History

United Kingdom
- Name: SS Fort Athabaska
- Owner: Ministry of War Transport
- Operator: J. & C. Harrison, London
- Builder: Burrard Dry Dock Co. Ltd., North Vancouver
- Completed: 15 May 1943
- Fate: Sunk, 2 December 1943

General characteristics
- Class & type: North Sands-type Fort ship
- Tonnage: 7,130 GRT
- Length: 441 ft 6 in (134.57 m)
- Beam: 57 ft 2 in (17.42 m)
- Draught: 26 ft 11.5 in (8.217 m)
- Propulsion: 3 cyl triple expansion steam; 2500 ihp; One shaft.;
- Speed: 11 knots (13 mph; 20 km/h)
- Range: 11,400 nmi (21,100 km) at 10 kn (12 mph; 19 km/h)
- Complement: 115
- Armament: During the Second World War:; 1 × 4-inch (100 mm) gun; 8 × 20mm AA guns;

= SS Fort Athabaska =

SS Fort Athabaska was a Canadian-owned Fort ship, sunk while under British naval use in 1943. With the heavy demand for British cargo ships it was given to British naval forces.

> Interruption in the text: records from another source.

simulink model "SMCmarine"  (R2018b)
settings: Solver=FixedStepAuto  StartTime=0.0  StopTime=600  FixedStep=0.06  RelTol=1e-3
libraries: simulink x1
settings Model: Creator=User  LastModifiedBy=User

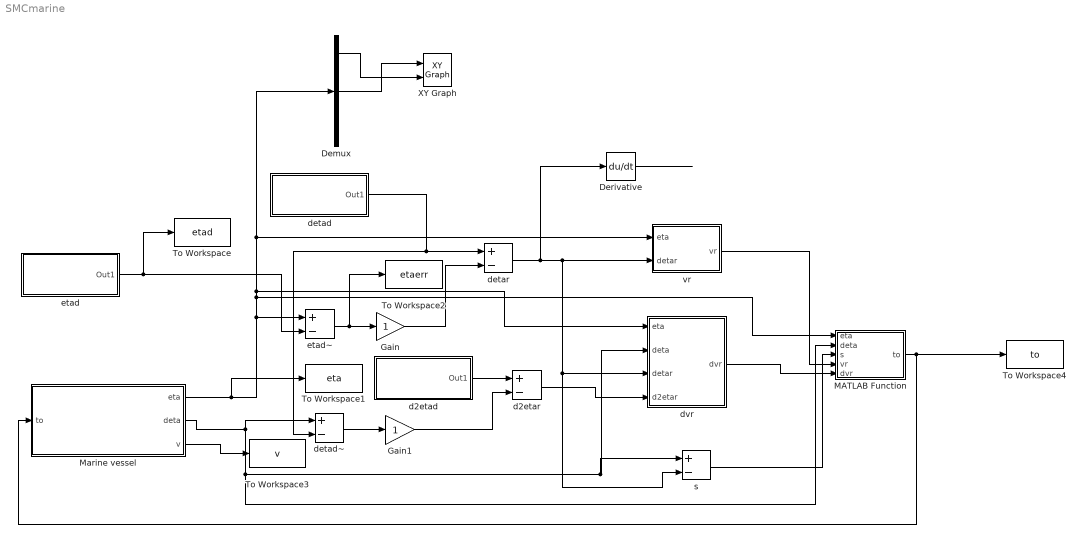
== system SMCmarine ==
  Demux : Demux  Outputs=3
  Derivative : Derivative
  Gain : Gain
  Gain1 : Gain
  MATLAB Function : MATLAB Function  TreatAsAtomicUnit=on
  Marine vessel : Subsystem
  To Workspace : ToWorkspace  VariableName=etad  SampleTime=-1
  To Workspace1 : ToWorkspace  VariableName=eta  SampleTime=-1
  To Workspace2 : ToWorkspace  VariableName=etaerr  SampleTime=-1
  To Workspace3 : ToWorkspace  VariableName=v  SampleTime=-1
  To Workspace4 : ToWorkspace  VariableName=to  SampleTime=-1
  XY Graph : simulink/Sinks/XY Graph  xmin=-3000  xmax=3000  ymin=-3000  ymax=3000  st=-1
  d2etad : Subsystem
  d2etar : Sum  Inputs=+-
  detad : Subsystem
  detad~ : Sum  Inputs=+-
  detar : Sum  Inputs=+-
  dvr : MATLAB Function  TreatAsAtomicUnit=on
  etad : Subsystem
  etad~ : Sum  Inputs=+-
  s : Sum  Inputs=+-
  vr : MATLAB Function  TreatAsAtomicUnit=on
  wires:
  Marine vessel/1(eta) -> To Workspace1/1, Demux/1, vr/1(eta), dvr/1(eta), MATLAB Function/1(eta), etad~/1
  etad/1(Out1) -> To Workspace/1, etad~/2
  detad/1(Out1) -> detad~/2, detar/1
  etad~/1 -> To Workspace2/1, Gain/1
  Gain/1 -> detar/2
  d2etad/1(Out1) -> d2etar/1
  Marine vessel/2(deta) -> MATLAB Function/2(deta), s/1, dvr/2(deta), detad~/1
  Gain1/1 -> d2etar/2
  detar/1 -> Derivative/1, s/2, dvr/3(detar), vr/2(detar)
  d2etar/1 -> dvr/4(d2etar)
  dvr/1(dvr) -> MATLAB Function/5(dvr)
  vr/1(vr) -> MATLAB Function/4(vr)
  s/1 -> MATLAB Function/3(s)
  MATLAB Function/1(to) -> Marine vessel/1(to), To Workspace4/1
  Derivative/1 -> ?
  detad~/1 -> Gain1/1
  Demux/2 -> XY Graph/1
  Demux/1 -> XY Graph/2
  Marine vessel/3(v) -> To Workspace3/1

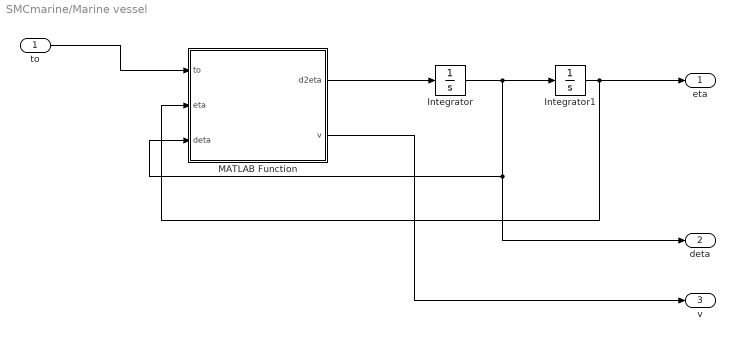
== system SMCmarine/Marine vessel ==
  to : Inport
  Integrator : Integrator  InitialCondition=[0;0;0]
  Integrator1 : Integrator  InitialCondition=[-100;800;pi/2]
  MATLAB Function : MATLAB Function  TreatAsAtomicUnit=on
  eta : Outport
  deta : Outport  Port=2
  v : Outport  Port=3
  wires:
  Integrator1/1 -> eta/1, MATLAB Function/2(eta)
  MATLAB Function/1(d2eta) -> Integrator/1
  Integrator/1 -> deta/1, MATLAB Function/3(deta), Integrator1/1
  to/1 -> MATLAB Function/1(to)
  MATLAB Function/2(v) -> v/1

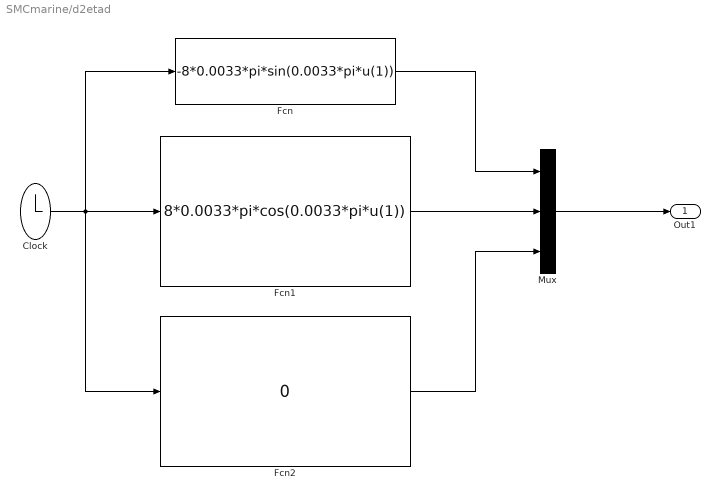
== system SMCmarine/d2etad ==
  Clock : Clock
  Fcn : Fcn  Expr=-8*0.0033*pi*sin(0.0033*pi*u(1))
  Fcn1 : Fcn  Expr=8*0.0033*pi*cos(0.0033*pi*u(1))
  Fcn2 : Fcn  Expr=0
  Mux : Mux  Inputs=3
  Out1 : Outport
  wires:
  Clock/1 -> Fcn2/1, Fcn/1, Fcn1/1
  Fcn/1 -> Mux/1
  Fcn1/1 -> Mux/2
  Fcn2/1 -> Mux/3
  Mux/1 -> Out1/1

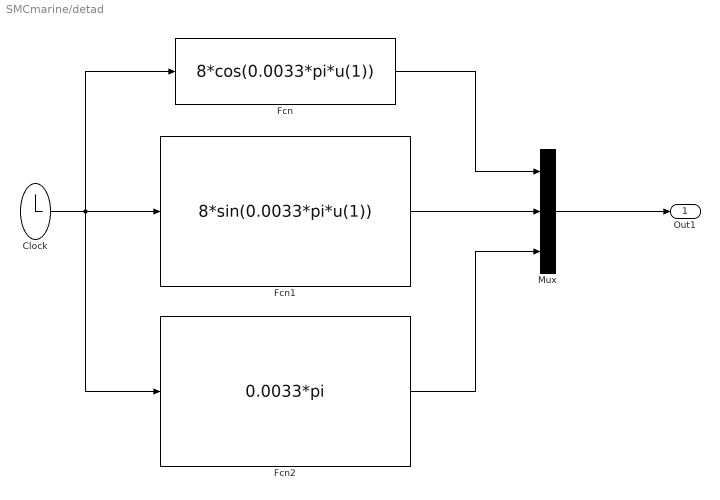
== system SMCmarine/detad ==
  Clock : Clock
  Fcn : Fcn  Expr=8*cos(0.0033*pi*u(1))
  Fcn1 : Fcn  Expr=8*sin(0.0033*pi*u(1))
  Fcn2 : Fcn  Expr=0.0033*pi
  Mux : Mux  Inputs=3
  Out1 : Outport
  wires:
  Mux/1 -> Out1/1
  Fcn2/1 -> Mux/3
  Fcn1/1 -> Mux/2
  Fcn/1 -> Mux/1
  Clock/1 -> Fcn1/1, Fcn/1, Fcn2/1

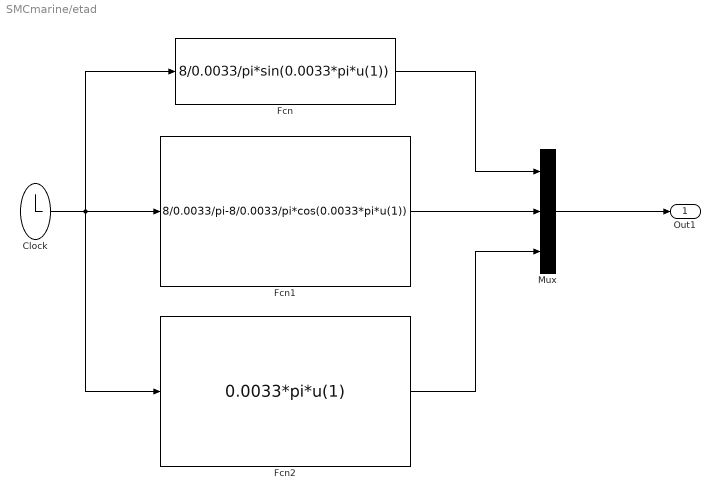
== system SMCmarine/etad ==
  Clock : Clock
  Fcn : Fcn  Expr=8/0.0033/pi*sin(0.0033*pi*u(1))
  Fcn1 : Fcn  Expr=8/0.0033/pi-8/0.0033/pi*cos(0.0033*pi*u(1))
  Fcn2 : Fcn  Expr=0.0033*pi*u(1)
  Mux : Mux  Inputs=3
  Out1 : Outport
  wires:
  Clock/1 -> Fcn2/1, Fcn/1, Fcn1/1
  Fcn/1 -> Mux/1
  Fcn1/1 -> Mux/2
  Fcn2/1 -> Mux/3
  Mux/1 -> Out1/1

== matlab function SMCmarine/vr ==
  data: eta input; vr output; detar input
function vr = fcn(eta,detar)
J=[cos(eta(3)) -sin(eta(3)) 0;
    sin(eta(3)) cos(eta(3)) 0;
    0 0 1];
vr=J'*detar;
end

== matlab function SMCmarine/Marine vessel/MATLAB Function ==
  data: d2eta output; to input; eta input; deta input; v output
function [d2eta,v] = fcn(to,eta,deta)
J=[cos(eta(3)) -sin(eta(3)) 0;
    sin(eta(3)) cos(eta(3)) 0;
    0 0 1];
v=J'*deta;
M=1e6*[4.5096 0 0;0 7.5608 -22.68;0 -22.68 2968.3];
c13=-7.5608*v(2)+22.68*v(3);
c23=4.5096*v(1);
c31=-c13;
c32=-c23;
C=[0 0 c13;0 0 c23;c31 c32 0];
D=1e6*[0.05138 0 0;0 0.1698 -1.5081;0 -1.5081 253];
S=[0 -deta(3) 0;
    deta(3) 0 0;
    0 0 0];
Meta=M*J';
Ceta=(C-M*S)*J';
Deta=D*J';
d2eta=Meta\(to-Ceta*deta-Deta*deta);
end

== matlab function SMCmarine/dvr ==
  data: eta input; deta input; dvr output; detar input; d2etar input
function dvr = fcn(eta,deta,detar,d2etar)
J=[cos(eta(3)) -sin(eta(3)) 0;
    sin(eta(3)) cos(eta(3)) 0;
    0 0 1];
S=[0 -deta(3) 0;
    deta(3) 0 0;
    0 0 0];
dvr=-S*J'*detar+J'*d2etar;
end

== matlab function SMCmarine/MATLAB Function ==
  data: eta input; to output; deta input; s input; vr input; dvr input
function to = fcn(eta,deta,s,vr,dvr)
J=[cos(eta(3)) -sin(eta(3)) 0;
    sin(eta(3)) cos(eta(3)) 0;
    0 0 1];
v=J'*deta;
M=1e6*[4.5096 0 0;0 7.5608 -22.68;0 -22.68 2968.3];
c13=-7.5608*v(2)+22.68*v(3);
c23=4.5096*v(1);
c31=-c13;
c32=-c23;
C=[0 0 c13;0 0 c23;c31 c32 0];
D=1e6*[0.05138 0 0;0 0.1698 -1.5081;0 -1.5081 253];
S=[0 -deta(3) 0;
    deta(3) 0 0;
    0 0 0];
Meta=M*J';
Ceta=(C-M*S)*J';
Deta=D*J';
to=M*dvr+C*vr+D*vr+(Ceta+Deta)*s-Meta*(diag([1 2 8]*1e-2)*s+1e-2*sign(s));
end

She was a North Sands type Fort ship built by Burrard Dry Dock of North Vancouver, and completed 15 May 1943.

== History ==
On 2 December 1943 multiple squadrons of German bombers conducted a destructive air assault on Bari Harbour in Italy. Twenty-eight Allied ships were sunk in the raid with contents of mustard gas in one of their hulls. The moment the gas spread, the harbour became a poisonous inferno. One of the ships sunk in the raid was Fort Athabaska. The contents of the ship whilst it was stationed at Bari is unknown, but some records suggest medical/oil/ammunition supplies. The fate of the ship was sealed when multiple bombs penetrated the decks of the ship, leaving holes in the hull that could not be repaired. The order to abandon ship was given and the ship quickly submerged.
Fort and Park ship were the Canadian equivalent of the American Liberty ships. All three shared a similar design by J.L. Thompson and Sons of Sunderland, England. Fort ships had a triple expansion steam engine and a single screw propeller.